Data with manganese salts (ATSDR, 2008) have shown that absorption can occur via the trigeminal and olfactory nerves.

Therefore, as a worst-case scenario, inhalation absorption of 100% is assumed for sodium permanganate.

There are no inhalation data for the substance sodium permanganate. However, there are two-generation reproductive toxicity and prenatal developmental toxicity studies in rats for the source substance, manganese dichloride, which is also water soluble (799 g/L at 20˚C). Bioanalysis incorporated in the two-generation study shows the absorption of manganese content in the blood in the rat. Signs of absorption following exposure to aerosol of manganese dichloride are also seen as systemic effects, although they may be considered to be associated with local reaction in the respiratory tract.  

Dermal

Since sodium permanganate is solid, in order for dermal absorption to occur, it will have to be dissolved into the surface moisture of the skin before skin uptake can begin. Furthermore, due to its high water solubility (< 10000 mg/L), sodium permanganate may be too hydrophilic to cross the lipid rich stratum corneum of the skin. Therefore, dermal uptake through intact skin is expected to be low. This is also supported by the conclusion that manganese uptake across intact skin would be expected to be extremely limited (ATSDR, 2008). It should be noted, however, that sodium permanganate is corrosive to skin which can disrupt the integrity of the skin barrier.
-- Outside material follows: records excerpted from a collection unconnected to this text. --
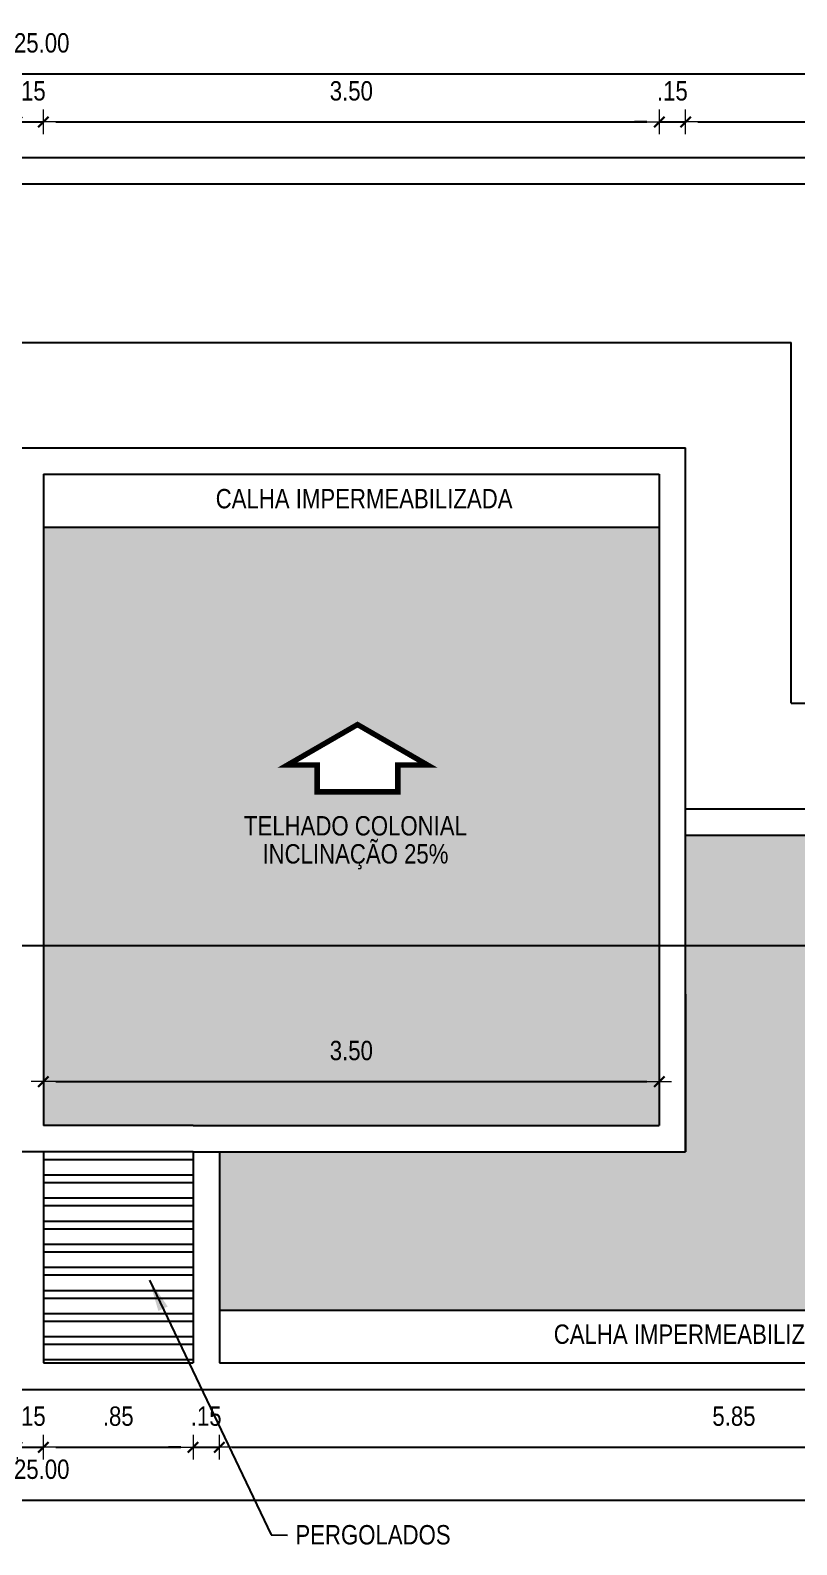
# Model space of a CAD drawing. Header units: millimetres. Extents: x -178 to 521, y -135 to 750.
# Drawn here: x -56.63 to -52.27, y 714.6 to 723.21 of the extents above; entities that cross this region are included whole.
import ezdxf
from ezdxf.enums import TextEntityAlignment as Align

# ---------------------------------------------------------------- set-up
doc = ezdxf.new("R2010")
doc.units = ezdxf.units.MM
doc.header["$LTSCALE"] = 20
doc.header["$MEASUREMENT"] = 0
doc.header["$PDSIZE"] = -5
doc.linetypes.add('CONTINU', pattern=[0])
doc.linetypes.add('DASHDOT2', pattern=[0.5, 0.25, -0.125, 0, -0.125])
doc.layers.get('0').update_dxf_attribs({"linetype": 'CONTINUOUS'})
doc.layers.get('Defpoints').update_dxf_attribs({"linetype": 'CONTINUOUS'})
for name, color, linetype in [('AR-ALV', 5, 'CONTINUOUS'), ('COTA', 7, 'CONTINUOUS'), ('COTAS', 7, 'CONTINUOUS'), ('E-txt-g', 3, 'CONTINUOUS')]:
    doc.layers.add(name, color=color, linetype=linetype)
for name, color, linetype, lineweight in [('E-Cta-W', 7, 'CONTINUOUS', 20), ('E-Lay-9', 9, 'CONTINUOUS', 9), ('E-Pen-C', 4, 'CONTINUOUS', 15), ('E-Pen-G', 3, 'CONTINUOUS', 30), ('E-Txt-W', 7, 'CONTINUOUS', 20)]:
    doc.layers.add(name, color=color, linetype=linetype, lineweight=lineweight)
doc.styles.add('F2', font='ARIALN.TTF')
doc.styles.add('REG60', font='romans.shx', dxfattribs={"width": 0.8, "height": 0.15})
doc.styles.add('REG80', font='romans.shx', dxfattribs={"width": 0.8, "height": 0.2})
doc.dimstyles.new('DIMENSION-1', dxfattribs={"dimtxt": 0.11, "dimasz": 0.07, "dimexe": 1, "dimexo": 0, "dimgap": 0.12, "dimtad": 1, "dimzin": 7, "dimdsep": 46, "dimtxsty": 'F2', "dimblk1": 'TRACO', "dimblk2": 'TRACO', "dimsah": 1, "dimcen": 1, "dimse1": 1, "dimse2": 1, "dimclrd": 256, "dimclre": 256, "dimclrt": 6, "dimadec": 0, "dimazin": 0, "dimtfac": 1, "dimtix": 1, "dimtmove": 2, "dimatfit": 3, "dimldrblk": 'TRACO', "dimfxl": 1, "dimtolj": 1, "dimtzin": 0, "dimarcsym": 0})
doc.dimstyles.get("Standard").update_dxf_attribs({"dimtxt": 0.18, "dimasz": 0.18, "dimexe": 0.18, "dimexo": 0.0625, "dimgap": 0.09, "dimtad": 0, "dimtih": 1, "dimtoh": 1, "dimdec": 4, "dimzin": 0, "dimdsep": 46, "dimtxsty": 'Standard', "dimcen": 0.09, "dimadec": 0, "dimazin": 0, "dimtfac": 1, "dimtdec": 4, "dimtofl": 0, "dimtmove": 0, "dimatfit": 3, "dimfxl": 1, "dimtolj": 1, "dimtzin": 0, "dimarcsym": 0})

# ---------------------------------------------------------------- blocks, each defined once
blk = doc.blocks.new('Seta')
at = {"const_width": 2}
blk.add_lwpolyline([(10, 15), (10, 25.98), (25, 0), (10, -25.98), (10, -15), (0, -15), (0, 15)], close=True, dxfattribs=at)
blk = doc.blocks.new('TXT-AMB75')
at = {"layer": 'E-txt-g', "style": 'REG80', "width": 0.8, "flags": 8}
blk.add_attdef('TXT', text='', height=0.2, dxfattribs=at).set_placement((0.005, 0.296), align=Align.CENTER)
at = {"layer": 'E-Txt-W', "style": 'REG60', "width": 0.8, "flags": 8}
blk.add_attdef('TXT', text='', height=0.15, dxfattribs=at).set_placement((0.005, 0.027), align=Align.CENTER)
blk = doc.blocks.new('TRACO')
at = {"layer": 'E-Pen-C'}
for p, q in [((-1, 0), (1, 0)), ((0, 1), (0, -1))]:
    blk.add_line(p, q, dxfattribs=at)
at = {"layer": 'E-Pen-G'}
blk.add_line((-0.42, -0.42), (0.42, 0.42), dxfattribs=at)
blk = doc.blocks.new('*D268')
at = {"linetype": 'Continuous', "lineweight": -2}
for p, q in [((-56.7754, 715.1577), (-56.8454, 715.1577)), ((-56.7054, 715.1577), (-56.5554, 715.1577)), ((-56.4854, 715.1577), (-56.4154, 715.1577))]:
    blk.add_line(p, q, dxfattribs=at)
at = {"layer": 'Defpoints', "color": 0, "linetype": 'Continuous'}
for p in [(-56.7054, 715.6367), (-56.5554, 715.6367), (-56.5554, 715.1577)]:
    blk.add_point(p, dxfattribs=at)
at = {"linetype": 'Continuous', "lineweight": -2, "xscale": 0.07, "yscale": 0.07, "zscale": 0.07}
blk.add_blockref('TRACO', (-56.7054, 715.1577), dxfattribs=at)
at = {"linetype": 'Continuous', "lineweight": -2, "xscale": 0.07, "yscale": 0.07, "zscale": 0.07, "rotation": 180}
blk.add_blockref('TRACO', (-56.5554, 715.1577), dxfattribs=at)
at = {"color": 6, "linetype": 'Continuous', "insert": (-56.6304, 715.3339), "char_height": 0.11, "attachment_point": 5, "style": 'F2'}
blk.add_mtext('\\A1;.15', dxfattribs=at)
blk = doc.blocks.new('*D269')
at = {"linetype": 'Continuous', "lineweight": -2}
blk.add_line((-56.4854, 715.1577), (-55.7754, 715.1577), dxfattribs=at)
at = {"layer": 'Defpoints', "color": 0, "linetype": 'Continuous'}
for p in [(-56.5554, 715.6367), (-55.7054, 715.6367), (-55.7054, 715.1577)]:
    blk.add_point(p, dxfattribs=at)
at = {"linetype": 'Continuous', "lineweight": -2, "xscale": 0.07, "yscale": 0.07, "zscale": 0.07, "rotation": 180}
blk.add_blockref('TRACO', (-56.5554, 715.1577), dxfattribs=at)
at = {"linetype": 'Continuous', "lineweight": -2, "xscale": 0.07, "yscale": 0.07, "zscale": 0.07}
blk.add_blockref('TRACO', (-55.7054, 715.1577), dxfattribs=at)
at = {"color": 6, "linetype": 'Continuous', "insert": (-56.1304, 715.3339), "char_height": 0.11, "attachment_point": 5, "style": 'F2'}
blk.add_mtext('\\A1;.85', dxfattribs=at)
blk = doc.blocks.new('*D270')
at = {"linetype": 'Continuous', "lineweight": -2}
for p, q in [((-55.7754, 715.1577), (-55.8454, 715.1577)), ((-55.7054, 715.1577), (-55.5554, 715.1577)), ((-55.4854, 715.1577), (-55.4154, 715.1577))]:
    blk.add_line(p, q, dxfattribs=at)
at = {"layer": 'Defpoints', "color": 0, "linetype": 'Continuous'}
for p in [(-55.7054, 715.6367), (-55.5554, 715.6367), (-55.5554, 715.1577)]:
    blk.add_point(p, dxfattribs=at)
at = {"linetype": 'Continuous', "lineweight": -2, "xscale": 0.07, "yscale": 0.07, "zscale": 0.07}
blk.add_blockref('TRACO', (-55.7054, 715.1577), dxfattribs=at)
at = {"linetype": 'Continuous', "lineweight": -2, "xscale": 0.07, "yscale": 0.07, "zscale": 0.07, "rotation": 180}
blk.add_blockref('TRACO', (-55.5554, 715.1577), dxfattribs=at)
at = {"color": 6, "linetype": 'Continuous', "insert": (-55.6304, 715.3339), "char_height": 0.11, "attachment_point": 5, "style": 'F2'}
blk.add_mtext('\\A1;.15', dxfattribs=at)
blk = doc.blocks.new('*D271')
at = {"linetype": 'Continuous', "lineweight": -2}
blk.add_line((-55.4854, 715.1577), (-49.7754, 715.1577), dxfattribs=at)
at = {"layer": 'Defpoints', "color": 0, "linetype": 'Continuous'}
for p in [(-55.5554, 715.6367), (-49.7054, 715.6367), (-49.7054, 715.1577)]:
    blk.add_point(p, dxfattribs=at)
at = {"linetype": 'Continuous', "lineweight": -2, "xscale": 0.07, "yscale": 0.07, "zscale": 0.07, "rotation": 180}
blk.add_blockref('TRACO', (-55.5554, 715.1577), dxfattribs=at)
at = {"linetype": 'Continuous', "lineweight": -2, "xscale": 0.07, "yscale": 0.07, "zscale": 0.07}
blk.add_blockref('TRACO', (-49.7054, 715.1577), dxfattribs=at)
at = {"color": 6, "linetype": 'Continuous', "insert": (-52.6304, 715.3339), "char_height": 0.11, "attachment_point": 5, "style": 'F2'}
blk.add_mtext('\\A1;5.85', dxfattribs=at)
blk = doc.blocks.new('*D295')
at = {"linetype": 'Continuous', "lineweight": -2}
for p, q in [((-56.7754, 722.6891), (-56.8454, 722.6891)), ((-56.7054, 722.6891), (-56.5554, 722.6891)), ((-56.4854, 722.6891), (-56.4154, 722.6891))]:
    blk.add_line(p, q, dxfattribs=at)
at = {"layer": 'Defpoints', "color": 0, "linetype": 'Continuous'}
for p in [(-56.5554, 722.6891), (-56.7054, 720.6867), (-56.5554, 720.6867)]:
    blk.add_point(p, dxfattribs=at)
at = {"linetype": 'Continuous', "lineweight": -2, "xscale": 0.07, "yscale": 0.07, "zscale": 0.07}
blk.add_blockref('TRACO', (-56.7054, 722.6891), dxfattribs=at)
at = {"linetype": 'Continuous', "lineweight": -2, "xscale": 0.07, "yscale": 0.07, "zscale": 0.07, "rotation": 180}
blk.add_blockref('TRACO', (-56.5554, 722.6891), dxfattribs=at)
at = {"color": 6, "linetype": 'Continuous', "insert": (-56.6304, 722.8652), "char_height": 0.11, "attachment_point": 5, "style": 'F2'}
blk.add_mtext('\\A1;.15', dxfattribs=at)
blk = doc.blocks.new('*D296')
at = {"linetype": 'Continuous', "lineweight": -2}
blk.add_line((-56.4854, 722.6891), (-53.1254, 722.6891), dxfattribs=at)
at = {"layer": 'Defpoints', "color": 0, "linetype": 'Continuous'}
for p in [(-53.0554, 722.6891), (-56.5554, 720.6867), (-53.0554, 720.6867)]:
    blk.add_point(p, dxfattribs=at)
at = {"linetype": 'Continuous', "lineweight": -2, "xscale": 0.07, "yscale": 0.07, "zscale": 0.07, "rotation": 180}
blk.add_blockref('TRACO', (-56.5554, 722.6891), dxfattribs=at)
at = {"linetype": 'Continuous', "lineweight": -2, "xscale": 0.07, "yscale": 0.07, "zscale": 0.07}
blk.add_blockref('TRACO', (-53.0554, 722.6891), dxfattribs=at)
at = {"color": 6, "linetype": 'Continuous', "insert": (-54.8054, 722.8652), "char_height": 0.11, "attachment_point": 5, "style": 'F2'}
blk.add_mtext('\\A1;3.50', dxfattribs=at)
blk = doc.blocks.new('*D297')
at = {"linetype": 'Continuous', "lineweight": -2}
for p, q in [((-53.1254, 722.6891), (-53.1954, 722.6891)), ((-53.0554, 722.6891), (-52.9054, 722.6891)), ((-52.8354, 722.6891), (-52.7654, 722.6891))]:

There are no dermal data for the target substance sodium permanganate.

Distribution

Once absorbed, sodium permanganate is expected to behave similarly to manganese (Mn).

Manganese is a normal component of human and animal tissues and fluids. In humans, most tissue concentrations range between 0.1 and 1 μg manganese/g wet weight with the highest levels in the liver, pancreas, and kidney and the lowest levels in bone and fat. Inhaled manganese may be transported directly to the brain via the trigeminal and olfactory nerves (ATSDR, 2008).

 

Metabolism

Sodium permanganate is not metabolised. However, following absorption, its behavior is determined by the local physiological conditions, triggering multiple reactions resulting into manganese salts.

Excretion

Since sodium permanganate is converted to manganese salts under physiological conditions, the excretion pathway for manganese is relevant to sodium permanganate. In humans, absorbed manganese is removed from the blood by the liver where it conjugates with bile and is excreted into the intestine. Biliary secretion is the main pathway by which manganese reaches the intestines where most of the element is excreted in the feces. However, some of the manganese in the intestine is reabsorbed through enterohepatic circulation. Small amounts of manganese can also be found in urine, sweat, and milk (ATSDR, 2008).